Dr. Jonathan Gordon was my first Ph.D. student, who worked tirelessly trying to understand if quasi-n-body simulations known as COLA could be applicable in the context of Rubin Observatory (Cosmic Shear). So what is COLA and why it is important?

The standard method for evaluating nonlinear gravitational collapse involves dark matter-only n-body simulations. Although these simulations provide excellent precision for weak lensing studies, they are computationally expensive. It is simply not feasible to create n-body-based nonlinear matter power spectrum emulators in all appealing models beyond LCDM. The COmoving Lagrangian Acceleration (COLA) is an exciting alternative to full simulations. COLA combines higher-order Lagrangian Perturbation Theory (LPT) on large scales with n-body code on small scales. One COLA run takes a around 3 hours on a 128-core node.
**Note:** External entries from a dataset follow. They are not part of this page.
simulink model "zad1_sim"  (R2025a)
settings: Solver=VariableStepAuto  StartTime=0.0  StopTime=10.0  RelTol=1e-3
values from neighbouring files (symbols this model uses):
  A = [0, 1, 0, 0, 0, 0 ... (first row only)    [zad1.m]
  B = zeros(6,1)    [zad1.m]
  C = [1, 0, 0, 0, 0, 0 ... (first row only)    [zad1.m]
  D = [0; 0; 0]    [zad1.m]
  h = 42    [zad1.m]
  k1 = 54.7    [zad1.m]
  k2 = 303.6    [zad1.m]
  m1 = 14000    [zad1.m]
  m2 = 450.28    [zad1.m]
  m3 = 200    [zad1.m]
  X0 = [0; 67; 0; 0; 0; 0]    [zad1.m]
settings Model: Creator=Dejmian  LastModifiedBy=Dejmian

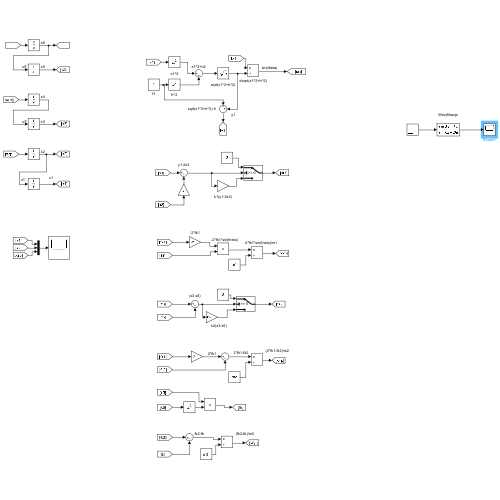
[thumbnail: Simulink's stored preview of the top-level diagram]
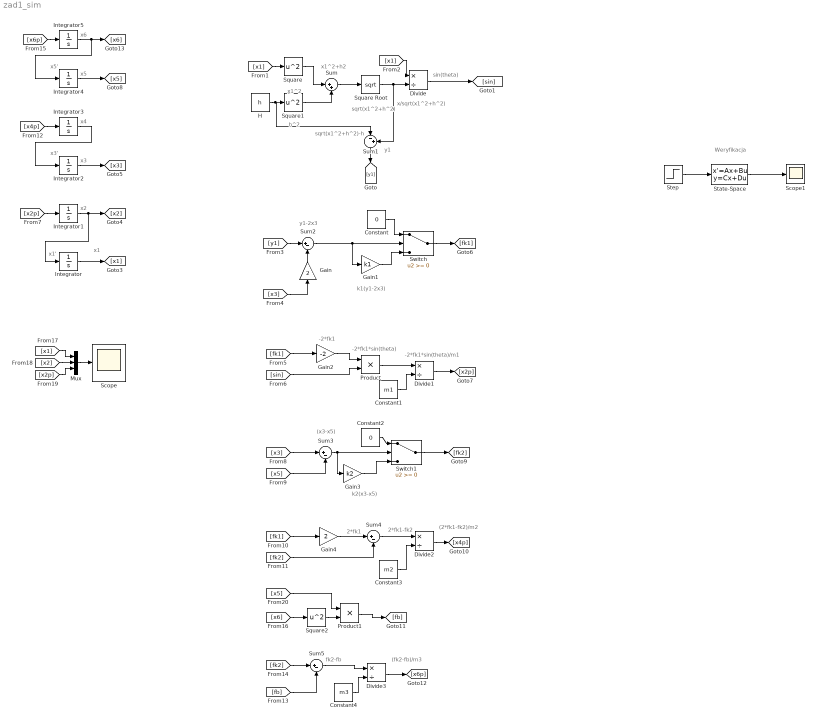
== system zad1_sim ==
  note: Weryfikacja
  note: (fk2-fb)/m3
  note: fk2-fb
  note: (2*fk1-fk2)/m2
  note: 2*fk1-fk2
  note: 2*fk1
  note: k2(x3-x5)
  note: (x3-x5)
  note: -2*fk1*sin(theta)/m1
  note: -2*fk1*sin(theta)
  note: -2*fk1
  note: k1(y1-2x3)
  note: y1-2x3
  note: x4
  note: x3'
  note: x3
  note: x2
  note: x1'
  note: y1
  note: sin(theta)
  note: sqrt(x1^2+h^2)-h
  note: x/sqrt(x1^2+h^2)
  note: sqrt(x1^2+h^2)
  note: x1^2+h2
  note: h^2
  note: x1^2
  note: x1
  note: x6
  note: x5'
  note: x5
  Constant : Constant  Value=0
  Constant1 : Constant  Value=m1
  Constant2 : Constant  Value=0
  Constant3 : Constant  Value=m2
  Constant4 : Constant  Value=m3
  Divide{,1..3} (4 alike) : Product  Inputs=*/
  Gain : Gain  Gain=2
  Gain1 : Gain  Gain=k1
  Gain2 : Gain  Gain=-2
  Gain3 : Gain  Gain=k2
  Gain4 : Gain  Gain=2
  H : Constant  Value=h
  Integrator{,2..5} (5 alike) : Integrator
  Integrator1 : Integrator  InitialCondition=67
  Mux : Mux  Inputs=3
  Product : Product
  Product1 : Product
  Scope : Scope
      settings: ActiveDisplayYMinimum=-83.749999999999915  ActiveDisplayYMaximum=753.74999999999932
  Scope1 : Scope
      settings: ActiveDisplayYMinimum=-83.749999999999915  ActiveDisplayYMaximum=753.74999999999932
  Square : Math  Operator=square
  Square Root : Sqrt
  Square1 : Math  Operator=square
  Square2 : Math  Operator=square
  State-Space : StateSpace  A=A  B=B  C=C  D=D  InitialCondition=X0
  Step : Step  SampleTime=0
  Sum : Sum  Inputs=|++
  Sum1 : Sum  Inputs=|-+
  Sum{2..5} (4 alike) : Sum  Inputs=|+-
  Switch : Switch  SaturateOnIntegerOverflow=off  InputSameDT=off
  Switch1 : Switch  SaturateOnIntegerOverflow=off  InputSameDT=off
  wires:
  H/1 -> Sum1/1, Square1/1
  Square/1 -> Sum/1
  Square1/1 -> Sum/2
  Sum/1 -> Square Root/1
  Square Root/1 -> Sum1/2, Divide/2
  Integrator1/1 -> [x2], Integrator/1
  Sum1/1 -> [y1]
  Divide/1 -> [sin]
  Integrator/1 -> [x1]
  [x1] -> Square/1
  [x1] -> Divide/1
  Integrator3/1 -> Integrator2/1
  Integrator2/1 -> [x3]
  [y1] -> Sum2/1
  Gain/1 -> Sum2/2
  [x3] -> Gain/1
  Sum2/1 -> Gain1/1, Switch/2
  Switch/1 -> [fk1]
  [fk1] -> Gain2/1
  Gain2/1 -> Product/1
  [sin] -> Product/2
  Product/1 -> Divide1/1
  Constant1/1 -> Divide1/2
  Divide1/1 -> [x2p]
  [x2p] -> Integrator1/1
  Integrator5/1 -> [x6], Integrator4/1
  Integrator4/1 -> [x5]
  [x3] -> Sum3/1
  [x5] -> Sum3/2
  Sum3/1 -> Gain3/1, Switch1/2
  Switch1/1 -> [fk2]
  [fk1] -> Gain4/1
  Gain4/1 -> Sum4/1
  [fk2] -> Sum4/2
  Sum4/1 -> Divide2/1
  Constant3/1 -> Divide2/2
  Divide2/1 -> [x4p]
  [x4p] -> Integrator3/1
  [fk2] -> Sum5/1
  [fb] -> Sum5/2
  Sum5/1 -> Divide3/1
  Constant4/1 -> Divide3/2
  Divide3/1 -> [x6p]
  [x6p] -> Integrator5/1
  [x6] -> Square2/1
  Mux/1 -> Scope/1
  [x1] -> Mux/1
  [x2] -> Mux/2
  [x2p] -> Mux/3
  Gain1/1 -> Switch/3
  Constant/1 -> Switch/1
  Gain3/1 -> Switch1/3
  Constant2/1 -> Switch1/1
  State-Space/1 -> Scope1/1
  Step/1 -> State-Space/1
  Square2/1 -> Product1/2
  [x5] -> Product1/1
  Product1/1 -> [fb]

COLA simulations can reproduce the nonlinear response function down to k around 1h/Mpc when compared with the Euclid Emulator v2.0 within few percent accuracy. Dr. Gordon performed a COLA-based LSST Cosmic Shear analysis on wCDM models in collaboration with Profs. Kazuya Koyama and Hans Winther. Dr. Gordon created a novel way to combine high-resolution n-body in the LCDM plane (every extended cosmology contains the LCDM subset of parameters) with COLA sims in the extended parameter directions to create an emulator precise enough for cosmic shear LSST-Y1 with scale-cut theta_{min} = (11.0', 34.8') for cosmic shear components, respectively. His work was the most comprehensive end-to-end LSST-Y1-related study analyzing the precision of the COLA method.

Dr. Jonathan Gordon transioned to industry jobs but he continue to help our group to finish a second analysis expanding his previous work to test dynamical dark energy with Chevallier, Polarski, and Linder (CPL) parameterization for the dark energy equation of state.